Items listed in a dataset
/---

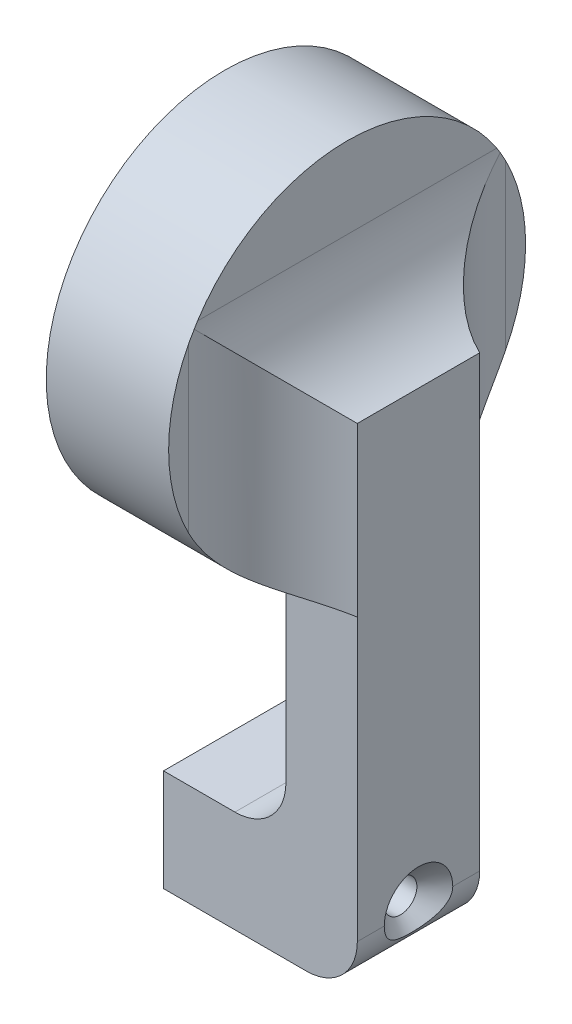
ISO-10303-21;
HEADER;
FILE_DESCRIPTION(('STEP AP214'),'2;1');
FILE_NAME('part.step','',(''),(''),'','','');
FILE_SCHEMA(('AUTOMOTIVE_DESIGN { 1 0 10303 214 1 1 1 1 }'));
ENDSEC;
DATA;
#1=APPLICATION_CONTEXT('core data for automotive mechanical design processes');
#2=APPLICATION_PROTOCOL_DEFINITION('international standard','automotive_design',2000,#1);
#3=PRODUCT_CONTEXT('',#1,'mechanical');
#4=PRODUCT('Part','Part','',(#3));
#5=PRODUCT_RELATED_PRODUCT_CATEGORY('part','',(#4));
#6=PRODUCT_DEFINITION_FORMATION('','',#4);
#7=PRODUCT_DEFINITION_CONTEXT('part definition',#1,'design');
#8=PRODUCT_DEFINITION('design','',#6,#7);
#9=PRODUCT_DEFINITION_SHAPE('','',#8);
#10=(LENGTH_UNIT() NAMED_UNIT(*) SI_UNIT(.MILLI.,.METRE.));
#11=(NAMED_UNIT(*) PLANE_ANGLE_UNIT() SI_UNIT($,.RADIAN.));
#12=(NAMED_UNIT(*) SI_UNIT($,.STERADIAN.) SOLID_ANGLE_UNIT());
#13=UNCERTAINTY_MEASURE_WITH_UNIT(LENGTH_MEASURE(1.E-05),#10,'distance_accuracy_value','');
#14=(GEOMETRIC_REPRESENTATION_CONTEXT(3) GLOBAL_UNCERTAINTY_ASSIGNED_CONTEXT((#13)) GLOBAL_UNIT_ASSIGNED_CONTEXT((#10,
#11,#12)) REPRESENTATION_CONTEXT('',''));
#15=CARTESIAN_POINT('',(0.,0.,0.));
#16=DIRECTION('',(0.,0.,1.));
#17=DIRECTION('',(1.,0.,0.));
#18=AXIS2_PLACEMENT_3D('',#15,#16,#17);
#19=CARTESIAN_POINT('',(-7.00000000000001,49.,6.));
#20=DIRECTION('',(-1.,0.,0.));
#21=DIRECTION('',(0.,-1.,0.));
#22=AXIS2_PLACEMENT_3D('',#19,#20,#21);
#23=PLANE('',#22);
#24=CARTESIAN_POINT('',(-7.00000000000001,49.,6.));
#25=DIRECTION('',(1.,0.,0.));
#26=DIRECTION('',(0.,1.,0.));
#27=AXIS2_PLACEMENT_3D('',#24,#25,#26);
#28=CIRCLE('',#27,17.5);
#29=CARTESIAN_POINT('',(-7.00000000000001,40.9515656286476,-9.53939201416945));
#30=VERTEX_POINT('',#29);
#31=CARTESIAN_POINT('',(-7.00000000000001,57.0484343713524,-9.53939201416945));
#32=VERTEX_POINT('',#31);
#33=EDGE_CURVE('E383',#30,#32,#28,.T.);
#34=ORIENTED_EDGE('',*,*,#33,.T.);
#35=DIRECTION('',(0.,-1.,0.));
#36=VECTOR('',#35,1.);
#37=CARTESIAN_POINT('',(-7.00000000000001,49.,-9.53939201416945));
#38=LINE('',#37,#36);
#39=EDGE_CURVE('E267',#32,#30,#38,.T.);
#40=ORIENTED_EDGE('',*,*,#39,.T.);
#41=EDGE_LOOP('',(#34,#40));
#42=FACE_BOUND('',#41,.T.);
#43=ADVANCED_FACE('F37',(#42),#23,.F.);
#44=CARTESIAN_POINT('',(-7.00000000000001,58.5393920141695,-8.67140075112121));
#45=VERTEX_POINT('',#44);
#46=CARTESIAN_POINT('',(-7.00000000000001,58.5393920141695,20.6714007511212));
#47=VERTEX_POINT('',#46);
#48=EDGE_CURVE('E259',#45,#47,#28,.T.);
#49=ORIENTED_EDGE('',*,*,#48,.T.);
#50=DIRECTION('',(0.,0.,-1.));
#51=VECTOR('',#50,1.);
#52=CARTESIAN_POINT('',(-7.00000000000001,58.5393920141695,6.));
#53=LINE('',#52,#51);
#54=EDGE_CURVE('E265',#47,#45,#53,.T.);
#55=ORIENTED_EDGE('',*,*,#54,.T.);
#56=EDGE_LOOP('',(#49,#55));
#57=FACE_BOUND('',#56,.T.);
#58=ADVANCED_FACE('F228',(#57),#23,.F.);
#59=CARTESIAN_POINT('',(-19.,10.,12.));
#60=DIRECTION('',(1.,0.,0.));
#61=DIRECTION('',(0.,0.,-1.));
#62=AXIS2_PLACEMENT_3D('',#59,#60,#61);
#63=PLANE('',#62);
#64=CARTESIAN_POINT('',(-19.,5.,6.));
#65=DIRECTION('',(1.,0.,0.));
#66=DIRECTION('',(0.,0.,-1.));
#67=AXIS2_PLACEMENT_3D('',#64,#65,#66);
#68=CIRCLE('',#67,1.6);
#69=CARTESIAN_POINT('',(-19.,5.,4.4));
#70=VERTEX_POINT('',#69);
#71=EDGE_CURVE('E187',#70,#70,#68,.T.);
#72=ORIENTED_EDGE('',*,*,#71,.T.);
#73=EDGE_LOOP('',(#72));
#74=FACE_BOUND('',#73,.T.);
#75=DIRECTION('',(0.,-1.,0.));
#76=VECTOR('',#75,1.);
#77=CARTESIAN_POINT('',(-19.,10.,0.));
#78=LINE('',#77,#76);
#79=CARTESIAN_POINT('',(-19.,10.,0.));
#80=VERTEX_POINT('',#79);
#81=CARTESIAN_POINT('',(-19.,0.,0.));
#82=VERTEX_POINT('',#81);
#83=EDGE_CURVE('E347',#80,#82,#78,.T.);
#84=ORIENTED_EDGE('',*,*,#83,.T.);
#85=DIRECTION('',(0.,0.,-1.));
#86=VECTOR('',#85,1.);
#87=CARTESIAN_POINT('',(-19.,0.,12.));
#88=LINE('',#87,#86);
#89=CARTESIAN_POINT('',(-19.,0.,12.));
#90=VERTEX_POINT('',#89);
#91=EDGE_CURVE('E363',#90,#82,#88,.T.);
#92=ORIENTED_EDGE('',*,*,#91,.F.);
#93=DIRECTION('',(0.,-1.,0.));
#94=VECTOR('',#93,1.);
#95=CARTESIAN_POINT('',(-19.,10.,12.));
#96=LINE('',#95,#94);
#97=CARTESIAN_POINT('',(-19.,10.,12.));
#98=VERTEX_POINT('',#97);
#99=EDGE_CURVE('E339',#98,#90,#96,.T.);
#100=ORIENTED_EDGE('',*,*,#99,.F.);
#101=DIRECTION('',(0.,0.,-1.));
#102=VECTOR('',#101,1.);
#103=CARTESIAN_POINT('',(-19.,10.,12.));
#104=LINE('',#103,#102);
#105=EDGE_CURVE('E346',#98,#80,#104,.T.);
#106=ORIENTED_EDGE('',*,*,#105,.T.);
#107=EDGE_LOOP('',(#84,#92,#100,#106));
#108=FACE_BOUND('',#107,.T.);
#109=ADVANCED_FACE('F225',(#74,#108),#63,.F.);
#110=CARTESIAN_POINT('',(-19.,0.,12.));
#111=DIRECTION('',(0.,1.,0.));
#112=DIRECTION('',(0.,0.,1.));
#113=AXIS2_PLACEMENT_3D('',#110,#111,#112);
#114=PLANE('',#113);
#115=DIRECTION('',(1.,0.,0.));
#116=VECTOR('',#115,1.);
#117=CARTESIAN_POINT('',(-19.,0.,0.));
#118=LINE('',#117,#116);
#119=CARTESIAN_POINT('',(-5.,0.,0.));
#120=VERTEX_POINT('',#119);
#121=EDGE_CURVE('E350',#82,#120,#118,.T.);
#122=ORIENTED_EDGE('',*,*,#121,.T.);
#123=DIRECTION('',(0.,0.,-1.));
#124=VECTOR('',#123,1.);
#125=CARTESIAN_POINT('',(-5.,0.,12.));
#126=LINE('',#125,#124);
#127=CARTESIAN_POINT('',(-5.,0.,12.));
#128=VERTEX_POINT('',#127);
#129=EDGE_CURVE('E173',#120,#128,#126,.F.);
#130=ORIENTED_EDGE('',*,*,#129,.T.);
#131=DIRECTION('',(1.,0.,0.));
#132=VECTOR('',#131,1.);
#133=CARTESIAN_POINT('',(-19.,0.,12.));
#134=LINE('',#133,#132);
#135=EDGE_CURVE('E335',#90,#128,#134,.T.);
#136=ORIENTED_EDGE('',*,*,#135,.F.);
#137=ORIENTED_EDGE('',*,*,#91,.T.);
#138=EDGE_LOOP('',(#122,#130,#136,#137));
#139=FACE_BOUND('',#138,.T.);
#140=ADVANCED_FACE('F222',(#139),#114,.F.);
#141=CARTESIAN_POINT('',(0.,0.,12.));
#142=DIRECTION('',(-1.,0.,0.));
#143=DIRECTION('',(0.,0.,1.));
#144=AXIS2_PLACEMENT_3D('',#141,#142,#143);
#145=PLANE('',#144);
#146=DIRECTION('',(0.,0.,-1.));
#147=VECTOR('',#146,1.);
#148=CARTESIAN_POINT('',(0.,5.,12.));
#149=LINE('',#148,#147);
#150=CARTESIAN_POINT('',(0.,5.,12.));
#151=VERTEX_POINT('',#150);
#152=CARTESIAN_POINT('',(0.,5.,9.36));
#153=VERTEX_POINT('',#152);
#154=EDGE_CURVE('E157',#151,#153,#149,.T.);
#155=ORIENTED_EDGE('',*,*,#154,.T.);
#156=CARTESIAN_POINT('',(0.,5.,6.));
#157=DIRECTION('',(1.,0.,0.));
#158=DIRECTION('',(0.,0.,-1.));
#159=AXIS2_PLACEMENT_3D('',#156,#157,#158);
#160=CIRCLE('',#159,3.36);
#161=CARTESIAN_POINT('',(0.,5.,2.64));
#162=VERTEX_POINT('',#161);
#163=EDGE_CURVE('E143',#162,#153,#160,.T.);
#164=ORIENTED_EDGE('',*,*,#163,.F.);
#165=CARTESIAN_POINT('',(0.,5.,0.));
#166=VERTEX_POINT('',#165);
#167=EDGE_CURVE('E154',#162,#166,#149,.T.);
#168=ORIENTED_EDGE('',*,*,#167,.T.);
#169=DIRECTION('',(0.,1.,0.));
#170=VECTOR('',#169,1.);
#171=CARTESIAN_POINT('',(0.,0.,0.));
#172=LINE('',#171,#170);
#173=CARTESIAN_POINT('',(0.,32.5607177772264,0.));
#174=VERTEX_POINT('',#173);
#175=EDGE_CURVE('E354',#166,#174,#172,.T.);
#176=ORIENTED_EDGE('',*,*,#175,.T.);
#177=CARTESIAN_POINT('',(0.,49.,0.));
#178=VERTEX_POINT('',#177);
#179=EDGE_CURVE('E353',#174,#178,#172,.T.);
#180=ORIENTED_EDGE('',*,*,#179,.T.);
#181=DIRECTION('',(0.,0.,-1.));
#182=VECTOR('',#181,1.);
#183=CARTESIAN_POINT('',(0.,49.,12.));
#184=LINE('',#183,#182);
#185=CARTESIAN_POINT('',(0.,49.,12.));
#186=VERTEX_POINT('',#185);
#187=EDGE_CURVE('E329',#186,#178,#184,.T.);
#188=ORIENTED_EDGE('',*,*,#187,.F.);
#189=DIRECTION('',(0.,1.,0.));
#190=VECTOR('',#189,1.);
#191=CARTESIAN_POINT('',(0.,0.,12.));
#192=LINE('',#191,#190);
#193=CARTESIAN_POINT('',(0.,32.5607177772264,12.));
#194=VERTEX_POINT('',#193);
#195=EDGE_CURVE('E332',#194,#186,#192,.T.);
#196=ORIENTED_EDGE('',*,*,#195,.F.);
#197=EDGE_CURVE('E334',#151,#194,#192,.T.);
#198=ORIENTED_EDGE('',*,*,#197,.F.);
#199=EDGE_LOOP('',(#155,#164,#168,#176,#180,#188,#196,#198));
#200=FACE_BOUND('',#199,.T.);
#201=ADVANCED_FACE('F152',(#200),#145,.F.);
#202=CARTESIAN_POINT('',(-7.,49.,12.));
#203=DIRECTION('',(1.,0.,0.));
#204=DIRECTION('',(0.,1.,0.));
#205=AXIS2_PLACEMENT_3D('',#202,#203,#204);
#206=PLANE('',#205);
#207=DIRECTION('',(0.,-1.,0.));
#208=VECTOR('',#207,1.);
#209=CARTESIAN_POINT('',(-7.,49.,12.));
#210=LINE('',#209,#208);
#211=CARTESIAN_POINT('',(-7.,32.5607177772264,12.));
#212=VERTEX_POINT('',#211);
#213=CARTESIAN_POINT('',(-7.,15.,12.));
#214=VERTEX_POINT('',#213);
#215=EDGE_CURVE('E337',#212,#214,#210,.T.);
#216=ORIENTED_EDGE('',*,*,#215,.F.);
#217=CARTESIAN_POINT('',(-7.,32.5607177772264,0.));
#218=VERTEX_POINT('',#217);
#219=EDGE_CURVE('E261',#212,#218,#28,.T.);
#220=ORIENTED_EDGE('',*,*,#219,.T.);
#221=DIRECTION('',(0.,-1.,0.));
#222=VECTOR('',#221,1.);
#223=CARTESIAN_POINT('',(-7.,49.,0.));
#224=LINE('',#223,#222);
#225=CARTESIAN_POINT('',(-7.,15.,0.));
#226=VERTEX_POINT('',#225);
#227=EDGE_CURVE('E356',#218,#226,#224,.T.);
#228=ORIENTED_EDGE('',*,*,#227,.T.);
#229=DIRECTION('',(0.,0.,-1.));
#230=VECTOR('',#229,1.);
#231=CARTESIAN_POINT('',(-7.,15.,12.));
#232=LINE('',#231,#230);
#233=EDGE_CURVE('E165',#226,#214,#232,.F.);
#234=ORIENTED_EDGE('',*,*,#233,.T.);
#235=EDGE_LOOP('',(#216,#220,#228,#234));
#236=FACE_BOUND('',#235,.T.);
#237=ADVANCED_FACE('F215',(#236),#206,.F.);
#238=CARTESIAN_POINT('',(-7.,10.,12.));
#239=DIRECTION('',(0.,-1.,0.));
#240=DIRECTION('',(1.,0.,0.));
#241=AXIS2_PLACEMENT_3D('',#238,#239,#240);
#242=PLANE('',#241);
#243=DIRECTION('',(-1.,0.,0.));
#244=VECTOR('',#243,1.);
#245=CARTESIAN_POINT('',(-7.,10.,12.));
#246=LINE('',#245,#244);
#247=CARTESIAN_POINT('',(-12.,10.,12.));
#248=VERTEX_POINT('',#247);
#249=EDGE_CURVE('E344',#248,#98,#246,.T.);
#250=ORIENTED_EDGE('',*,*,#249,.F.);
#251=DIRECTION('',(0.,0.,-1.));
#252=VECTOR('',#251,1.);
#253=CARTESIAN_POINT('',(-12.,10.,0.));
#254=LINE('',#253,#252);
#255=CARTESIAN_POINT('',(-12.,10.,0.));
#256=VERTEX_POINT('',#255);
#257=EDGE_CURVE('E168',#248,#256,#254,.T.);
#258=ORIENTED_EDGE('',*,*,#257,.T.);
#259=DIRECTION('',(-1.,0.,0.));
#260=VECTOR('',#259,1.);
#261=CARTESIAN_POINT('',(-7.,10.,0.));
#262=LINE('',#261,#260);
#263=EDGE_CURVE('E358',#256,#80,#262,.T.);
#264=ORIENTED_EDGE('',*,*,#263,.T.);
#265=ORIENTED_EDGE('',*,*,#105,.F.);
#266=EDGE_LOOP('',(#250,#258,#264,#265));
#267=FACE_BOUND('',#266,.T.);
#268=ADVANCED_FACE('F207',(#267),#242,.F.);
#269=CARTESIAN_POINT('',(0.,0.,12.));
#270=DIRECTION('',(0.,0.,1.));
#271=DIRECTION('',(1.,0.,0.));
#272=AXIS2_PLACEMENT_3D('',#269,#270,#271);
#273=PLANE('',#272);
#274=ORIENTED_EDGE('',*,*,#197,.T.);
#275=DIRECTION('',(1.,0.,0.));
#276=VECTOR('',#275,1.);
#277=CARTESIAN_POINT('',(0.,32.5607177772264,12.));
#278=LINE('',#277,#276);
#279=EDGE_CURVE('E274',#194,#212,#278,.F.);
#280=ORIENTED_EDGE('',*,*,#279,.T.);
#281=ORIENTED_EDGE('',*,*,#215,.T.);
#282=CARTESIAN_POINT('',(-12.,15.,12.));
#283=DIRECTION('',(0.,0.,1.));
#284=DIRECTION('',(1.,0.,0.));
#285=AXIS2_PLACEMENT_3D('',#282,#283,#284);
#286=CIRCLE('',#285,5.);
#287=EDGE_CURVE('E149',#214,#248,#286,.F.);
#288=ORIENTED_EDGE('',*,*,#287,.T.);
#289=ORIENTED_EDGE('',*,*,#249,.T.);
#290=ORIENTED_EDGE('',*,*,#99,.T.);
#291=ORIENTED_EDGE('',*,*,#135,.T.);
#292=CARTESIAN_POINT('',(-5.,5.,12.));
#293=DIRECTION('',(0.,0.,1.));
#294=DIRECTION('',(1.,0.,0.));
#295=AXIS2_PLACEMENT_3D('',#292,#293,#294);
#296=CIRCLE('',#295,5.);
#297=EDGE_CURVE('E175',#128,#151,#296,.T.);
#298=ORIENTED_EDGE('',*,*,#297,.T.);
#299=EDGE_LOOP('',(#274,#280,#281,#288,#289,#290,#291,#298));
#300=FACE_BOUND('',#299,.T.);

\---

[What is needed]
Using the data above, transcribe the lines that run from the line with "#32=VERTEX_POINT('',#31);" to the line with "#40=ORIENTED_EDGE('',*,*,#39,.T.);", both ends kept, and output nothing else.

[Response to the exercise]
#32=VERTEX_POINT('',#31);
#33=EDGE_CURVE('E383',#30,#32,#28,.T.);
#34=ORIENTED_EDGE('',*,*,#33,.T.);
#35=DIRECTION('',(0.,-1.,0.));
#36=VECTOR('',#35,1.);
#37=CARTESIAN_POINT('',(-7.00000000000001,49.,-9.53939201416945));
#38=LINE('',#37,#36);
#39=EDGE_CURVE('E267',#32,#30,#38,.T.);
#40=ORIENTED_EDGE('',*,*,#39,.T.);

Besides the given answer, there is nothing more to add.